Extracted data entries
+ + +

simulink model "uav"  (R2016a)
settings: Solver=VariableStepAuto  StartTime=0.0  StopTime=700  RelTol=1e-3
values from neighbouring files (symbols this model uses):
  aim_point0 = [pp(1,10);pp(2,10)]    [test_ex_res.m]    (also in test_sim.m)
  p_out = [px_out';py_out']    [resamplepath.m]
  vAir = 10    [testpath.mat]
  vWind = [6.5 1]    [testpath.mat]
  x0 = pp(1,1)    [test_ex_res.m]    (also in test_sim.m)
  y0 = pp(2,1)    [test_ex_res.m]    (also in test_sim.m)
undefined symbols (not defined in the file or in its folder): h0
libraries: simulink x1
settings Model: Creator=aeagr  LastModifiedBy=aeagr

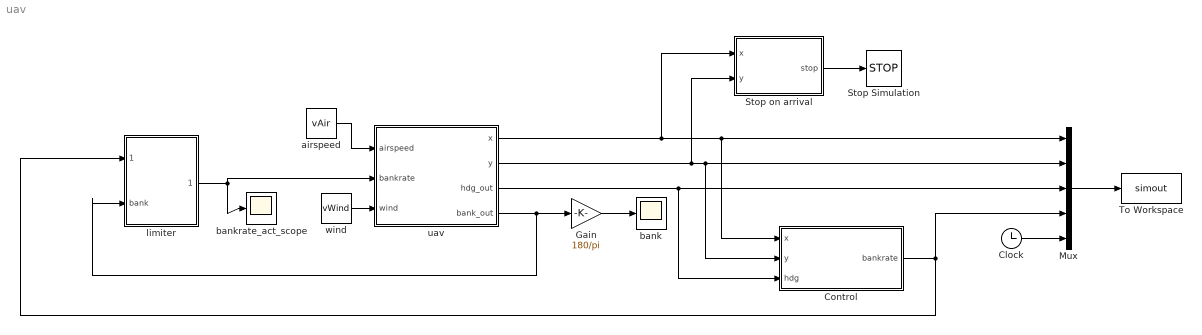
== system uav ==
  Clock : Clock
  Control : Subsystem  TreatAsAtomicUnit=on  SystemSampleTime=0.05
  Gain : Gain  Gain=180/pi
  Mux : Mux  Inputs=5
  Stop Simulation : Stop
  Stop on arrival : Subsystem
  To Workspace : ToWorkspace  VariableName=simout  SampleTime=-1
  airspeed : Constant  Value=vAir
  bank : Scope
  bankrate_act_scope : Scope
  limiter : Subsystem
  uav : Subsystem
  wind : Constant  Value=vWind
  wires:
  airspeed/1 -> uav/1(airspeed)
  wind/1 -> uav/3(wind)
  uav/1(x) -> Stop on arrival/1(x), Control/1(x), Mux/1
  uav/2(y) -> Stop on arrival/2(y), Control/2(y), Mux/2
  uav/3(hdg_out) -> Control/3(hdg), Mux/3
  Mux/1 -> To Workspace/1
  Clock/1 -> Mux/5
  uav/4(bank_out) -> limiter/2(bank), Gain/1
  limiter/1(bankrate_act) -> bankrate_act_scope/1, uav/2(bankrate)
  Gain/1 -> bank/1
  Control/1(bankrate) -> limiter/1(bankrate_req), Mux/4
  Stop on arrival/1(stop) -> Stop Simulation/1

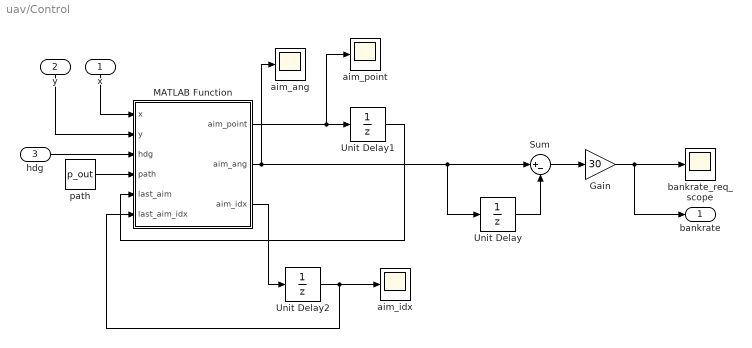
== system uav/Control ==
  x : Inport
  y : Inport  Port=2
  hdg : Inport  Port=3
  Gain : Gain  Gain=30
  MATLAB Function : MATLAB Function  TreatAsAtomicUnit=on
  Sum : Sum  Inputs=|+-
  Unit Delay : UnitDelay  SampleTime=-1
  Unit Delay1 : UnitDelay  InitialCondition=aim_point0  SampleTime=-1
  Unit Delay2 : UnitDelay  InitialCondition=1  SampleTime=-1
  aim_ang : Scope
  aim_idx : Scope
  aim_point : Scope
  bankrate_req_scope : Scope
  path : Constant  Value=p_out
  bankrate : Outport
  wires:
  hdg/1 -> MATLAB Function/3(hdg)
  path/1 -> MATLAB Function/4(path)
  MATLAB Function/2(aim_ang) -> Unit Delay/1, Sum/1, aim_ang/1
  Gain/1 -> bankrate/1, bankrate_req_scope/1
  x/1 -> MATLAB Function/1(x)
  MATLAB Function/1(aim_point) -> aim_point/1, Unit Delay1/1
  y/1 -> MATLAB Function/2(y)
  Sum/1 -> Gain/1
  Unit Delay/1 -> Sum/2
  Unit Delay1/1 -> MATLAB Function/5(last_aim)
  MATLAB Function/3(aim_idx) -> Unit Delay2/1
  Unit Delay2/1 -> aim_idx/1, MATLAB Function/6(last_aim_idx)

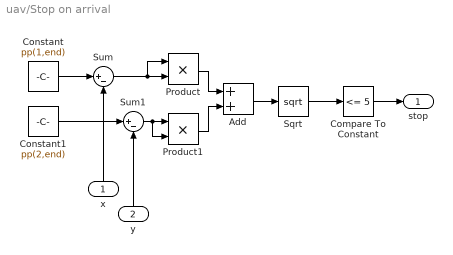
== system uav/Stop on arrival ==
  x : Inport
  y : Inport  Port=2
  Add : Sum
  Compare To Constant : simulink/Logic and Bit Operations/Compare To Constant  relop=<=  const=5  OutDataTypeStr=boolean
  Constant : Constant  Value=pp(1,end)
  Constant1 : Constant  Value=pp(2,end)
  Product : Product
  Product1 : Product
  Sqrt : Sqrt  SaturateOnIntegerOverflow=on
  Sum : Sum  Inputs=|+-
  Sum1 : Sum  Inputs=|+-
  stop : Outport
  wires:
  Product/1 -> Add/1
  Sqrt/1 -> Compare To Constant/1
  Constant/1 -> Sum/1
  Product1/1 -> Add/2
  Sum1/1 -> Product1/2, Product1/1
  y/1 -> Sum1/2
  x/1 -> Sum/2
  Compare To Constant/1 -> stop/1
  Add/1 -> Sqrt/1
  Constant1/1 -> Sum1/1
  Sum/1 -> Product/1, Product/2

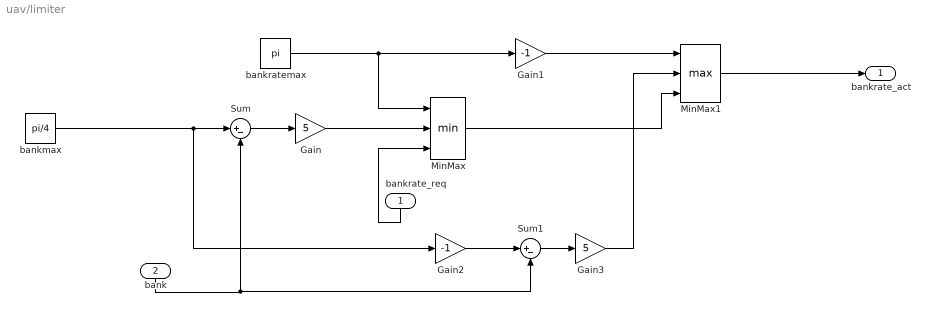
== system uav/limiter ==
  bankrate_req : Inport
  bank : Inport  Port=2
  Gain : Gain  Gain=5
  Gain1 : Gain  Gain=-1
  Gain2 : Gain  Gain=-1
  Gain3 : Gain  Gain=5
  MinMax : MinMax  Inputs=3
  MinMax1 : MinMax  Function=max  Inputs=3
  Sum : Sum  Inputs=|+-
  Sum1 : Sum  Inputs=|+-
  bankmax : Constant  Value=pi/4
  bankratemax : Constant  Value=pi
  bankrate_act : Outport
  wires:
  bankrate_req/1 -> MinMax/3
  bank/1 -> Sum1/2, Sum/2
  bankmax/1 -> Gain2/1, Sum/1
  Sum/1 -> Gain/1
  bankratemax/1 -> MinMax/1, Gain1/1
  Gain/1 -> MinMax/2
  MinMax/1 -> MinMax1/3
  Gain1/1 -> MinMax1/1
  MinMax1/1 -> bankrate_act/1
  Sum1/1 -> Gain3/1
  Gain2/1 -> Sum1/1
  Gain3/1 -> MinMax1/2

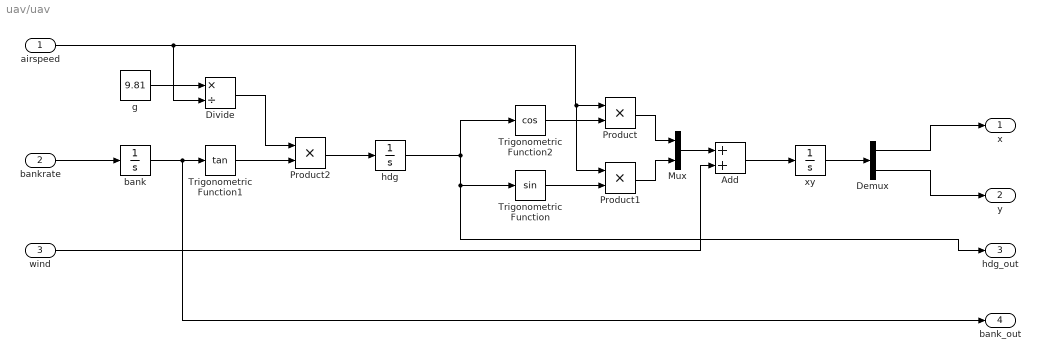
== system uav/uav ==
  airspeed : Inport
  bankrate : Inport  Port=2
  wind : Inport  Port=3
  Add : Sum
  Demux : Demux  Outputs=2
  Divide : Product  Inputs=*/
  Mux : Mux  Inputs=2
  Product : Product
  Product1 : Product
  Product2 : Product
  Trigonometric Function : Trigonometry
  Trigonometric Function1 : Trigonometry  Operator=tan
  Trigonometric Function2 : Trigonometry  Operator=cos
  bank : Integrator
  g : Constant  Value=9.81
  hdg : Integrator  InitialCondition=h0
  xy : Integrator  InitialCondition=[x0;y0]
  x : Outport
  y : Outport  Port=2
  hdg_out : Outport  Port=3
  bank_out : Outport  Port=4
  wires:
  hdg/1 -> hdg_out/1, Trigonometric Function/1, Trigonometric Function2/1
  bank/1 -> bank_out/1, Trigonometric Function1/1
  airspeed/1 -> Divide/2, Product1/1, Product/1
  Trigonometric Function2/1 -> Product/2
  Product2/1 -> hdg/1
  Trigonometric Function/1 -> Product1/2
  Demux/1 -> x/1
  Trigonometric Function1/1 -> Product2/2
  Add/1 -> xy/1
  Product/1 -> Mux/1
  Product1/1 -> Mux/2
  Mux/1 -> Add/1
  bankrate/1 -> bank/1
  xy/1 -> Demux/1
  wind/1 -> Add/2
  Demux/2 -> y/1
  g/1 -> Divide/1
  Divide/1 -> Product2/1

== matlab function uav/Control/MATLAB Function ==
  settings: sampleTime=0.1
  data: x input; aim_point output; y input; hdg input; path input; aim_ang output; last_aim input; last_aim_idx input; aim_idx output
function [aim_point,aim_ang,aim_idx] = follower(x,y,hdg,path,last_aim,last_aim_idx)
%#codegen

% predict ahead
d_pred = 3.0;
x_pred = x + d_pred*cos(hdg);
y_pred = y + d_pred*sin(hdg);

% limit path search for speed and robustness
path_rng = 5000;
start_idx = max(1,last_aim_idx-0.5*path_rng);
end_idx = min(size(path,2),last_aim_idx+path_rng);
local_path = path(1:2,start_idx:end_idx);

% choose closest point
path_dist = sum([local_path(1,:)-x_pred; local_path(2,:)-y_pred].^2);
[~,min_idx] = min(path_dist);
aim_point = local_path(:,min_idx);
aim_idx = start_idx+min_idx-1;

% filter
%aim_point = 0.99*aim_point + 0.01*last_aim;

aim_ang = atan2(aim_point(2)-y,aim_point(1)-x) - hdg;
if aim_ang>pi,
    aim_ang = aim_ang-2*pi;
elseif aim_ang<-pi,
    aim_ang = aim_ang+2*pi;
end

+ + +

### WHAT IS EXPECTED
Show all lines in the entries above where the word "simulink" appears.

### ANSWER TO THIS TASK
simulink model "uav"  (R2016a)
libraries: simulink x1
  Compare To Constant : simulink/Logic and Bit Operations/Compare To Constant  relop=<=  const=5  OutDataTypeStr=boolean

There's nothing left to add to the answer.